- **TASK TO COMPLETE**: Once you find the line with "#15=CARTESIAN_POINT('',(0.,0.,0.));" in the data that follows, repeat it and every line after it exactly, through the line with "#24=CARTESIAN_POINT('',(0.,7.49999999999995,-14.9999999999999));".

Extracted data entries
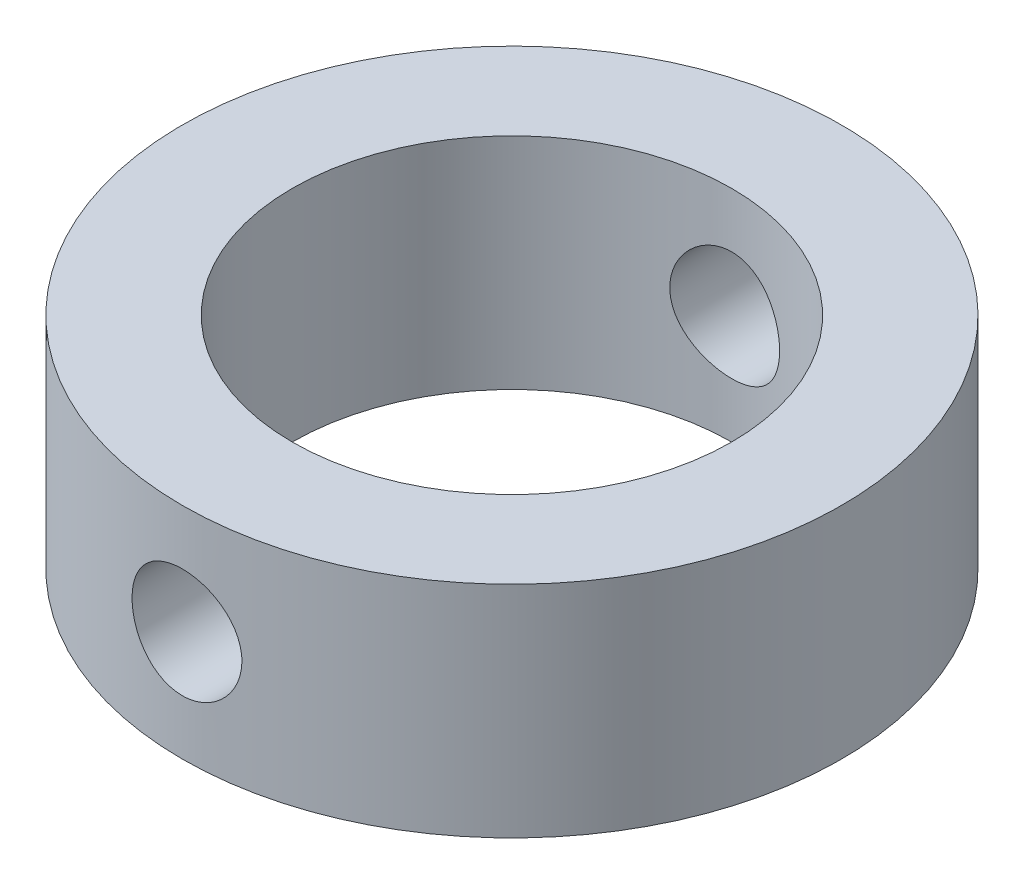
ISO-10303-21;
HEADER;
FILE_DESCRIPTION(('STEP AP214'),'2;1');
FILE_NAME('part.step','',(''),(''),'','','');
FILE_SCHEMA(('AUTOMOTIVE_DESIGN { 1 0 10303 214 1 1 1 1 }'));
ENDSEC;
DATA;
#1=APPLICATION_CONTEXT('core data for automotive mechanical design processes');
#2=APPLICATION_PROTOCOL_DEFINITION('international standard','automotive_design',2000,#1);
#3=PRODUCT_CONTEXT('',#1,'mechanical');
#4=PRODUCT('Part','Part','',(#3));
#5=PRODUCT_RELATED_PRODUCT_CATEGORY('part','',(#4));
#6=PRODUCT_DEFINITION_FORMATION('','',#4);
#7=PRODUCT_DEFINITION_CONTEXT('part definition',#1,'design');
#8=PRODUCT_DEFINITION('design','',#6,#7);
#9=PRODUCT_DEFINITION_SHAPE('','',#8);
#10=(LENGTH_UNIT() NAMED_UNIT(*) SI_UNIT(.MILLI.,.METRE.));
#11=(NAMED_UNIT(*) PLANE_ANGLE_UNIT() SI_UNIT($,.RADIAN.));
#12=(NAMED_UNIT(*) SI_UNIT($,.STERADIAN.) SOLID_ANGLE_UNIT());
#13=UNCERTAINTY_MEASURE_WITH_UNIT(LENGTH_MEASURE(1.E-05),#10,'distance_accuracy_value','');
#14=(GEOMETRIC_REPRESENTATION_CONTEXT(3) GLOBAL_UNCERTAINTY_ASSIGNED_CONTEXT((#13)) GLOBAL_UNIT_ASSIGNED_CONTEXT((#10,
#11,#12)) REPRESENTATION_CONTEXT('',''));
#15=CARTESIAN_POINT('',(0.,0.,0.));
#16=DIRECTION('',(0.,0.,1.));
#17=DIRECTION('',(1.,0.,0.));
#18=AXIS2_PLACEMENT_3D('',#15,#16,#17);
#19=CARTESIAN_POINT('',(0.,10.,0.));
#20=DIRECTION('',(0.,-1.,0.));
#21=DIRECTION('',(0.,0.,-1.));
#22=AXIS2_PLACEMENT_3D('',#19,#20,#21);
#23=CYLINDRICAL_SURFACE('',#22,15.);
#24=CARTESIAN_POINT('',(0.,7.49999999999995,-14.9999999999999));
#25=CARTESIAN_POINT('',(-0.139390904958217,7.49999441105213,-14.9999976116881));
#26=CARTESIAN_POINT('',(-0.278857881838825,7.48830272503106,-14.9980367791303));
#27=CARTESIAN_POINT('',(-0.553880221673049,7.4418643412347,-14.9904034494139));
#28=CARTESIAN_POINT('',(-0.689431867959253,7.40709644308843,-14.9847275392389));
#29=CARTESIAN_POINT('',(-0.952604747212641,7.31558455140728,-14.9703006823645));
#30=CARTESIAN_POINT('',(-1.08023236843189,7.25885853435945,-14.9615522515919));
#31=CARTESIAN_POINT('',(-1.32414184197793,7.12508770794761,-14.9419422708207));
#32=CARTESIAN_POINT('',(-1.44042498987857,7.04804522251701,-14.9310809625443));
#33=CARTESIAN_POINT('',(-1.65947261429168,6.87504491617954,-14.9083331745831));
#34=CARTESIAN_POINT('',(-1.76211290353498,6.77893088536387,-14.8964387181485));
#35=CARTESIAN_POINT('',(-1.94988849865994,6.57085203152717,-14.8730262687673));
#36=CARTESIAN_POINT('',(-2.03502269939099,6.45888620854337,-14.8615082996267));
#37=CARTESIAN_POINT('',(-2.18586712560515,6.22142903380292,-14.8400756575979));
#38=CARTESIAN_POINT('',(-2.25145455286102,6.09585866319524,-14.8301712909164));
#39=CARTESIAN_POINT('',(-2.36055836541121,5.83529043569937,-14.8131978979467));
#40=CARTESIAN_POINT('',(-2.40407624156556,5.70029321632236,-14.8061286801431));
#41=CARTESIAN_POINT('',(-2.46741437778476,5.42601972514344,-14.7957053684276));
#42=CARTESIAN_POINT('',(-2.48744902913539,5.28679426349859,-14.792317684857));
#43=CARTESIAN_POINT('',(-2.5039167252899,5.0069197231165,-14.7895393893665));
#44=CARTESIAN_POINT('',(-2.50035144038902,4.86627074583266,-14.7901484945722));
#45=CARTESIAN_POINT('',(-2.46989509839615,4.58907213872451,-14.7952642886356));
#46=CARTESIAN_POINT('',(-2.44324488188976,4.45249519645474,-14.7997307331892));
#47=CARTESIAN_POINT('',(-2.36775314040344,4.18577868217084,-14.8119949521101));
#48=CARTESIAN_POINT('',(-2.31891085431977,4.05563933111142,-14.8197928407328));
#49=CARTESIAN_POINT('',(-2.20017724609395,3.80477117655906,-14.8378847933411));
#50=CARTESIAN_POINT('',(-2.13018591387973,3.68409059391878,-14.8481906710733));
#51=CARTESIAN_POINT('',(-1.97121201755744,3.45609559946165,-14.8701291841501));
#52=CARTESIAN_POINT('',(-1.8822279206543,3.34878226754512,-14.8817619265428));
#53=CARTESIAN_POINT('',(-1.68648221215908,3.1491739141927,-14.9052202787978));
#54=CARTESIAN_POINT('',(-1.57951396387316,3.05708148145995,-14.9170464923165));
#55=CARTESIAN_POINT('',(-1.35153524898167,2.89212223733468,-14.9394260139672));
#56=CARTESIAN_POINT('',(-1.23052469190643,2.81925554981679,-14.9499793138974));
#57=CARTESIAN_POINT('',(-0.97770591616671,2.69479777286373,-14.9686389289291));
#58=CARTESIAN_POINT('',(-0.845888725564658,2.64322458066875,-14.9767431840745));
#59=CARTESIAN_POINT('',(-0.575298345602716,2.56300578475402,-14.9895750301266));
#60=CARTESIAN_POINT('',(-0.436525739179443,2.53435826302628,-14.9943029035047));
#61=CARTESIAN_POINT('',(-0.1577099013016,2.50107864153887,-14.9998112984268));
#62=CARTESIAN_POINT('',(-0.0177007371510007,2.49616842819439,-15.0006375301278));
#63=CARTESIAN_POINT('',(0.261139772889873,2.50976134442813,-14.9983747442117));
#64=CARTESIAN_POINT('',(0.399971163892011,2.52826357313376,-14.9952858772412));
#65=CARTESIAN_POINT('',(0.671656175546734,2.5879248493355,-14.985568269382));
#66=CARTESIAN_POINT('',(0.804540868385359,2.62894620839014,-14.9789610480131));
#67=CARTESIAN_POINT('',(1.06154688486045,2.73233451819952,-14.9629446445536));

- **SOLUTION TO THIS EXERCISE**:
#15=CARTESIAN_POINT('',(0.,0.,0.));
#16=DIRECTION('',(0.,0.,1.));
#17=DIRECTION('',(1.,0.,0.));
#18=AXIS2_PLACEMENT_3D('',#15,#16,#17);
#19=CARTESIAN_POINT('',(0.,10.,0.));
#20=DIRECTION('',(0.,-1.,0.));
#21=DIRECTION('',(0.,0.,-1.));
#22=AXIS2_PLACEMENT_3D('',#19,#20,#21);
#23=CYLINDRICAL_SURFACE('',#22,15.);
#24=CARTESIAN_POINT('',(0.,7.49999999999995,-14.9999999999999));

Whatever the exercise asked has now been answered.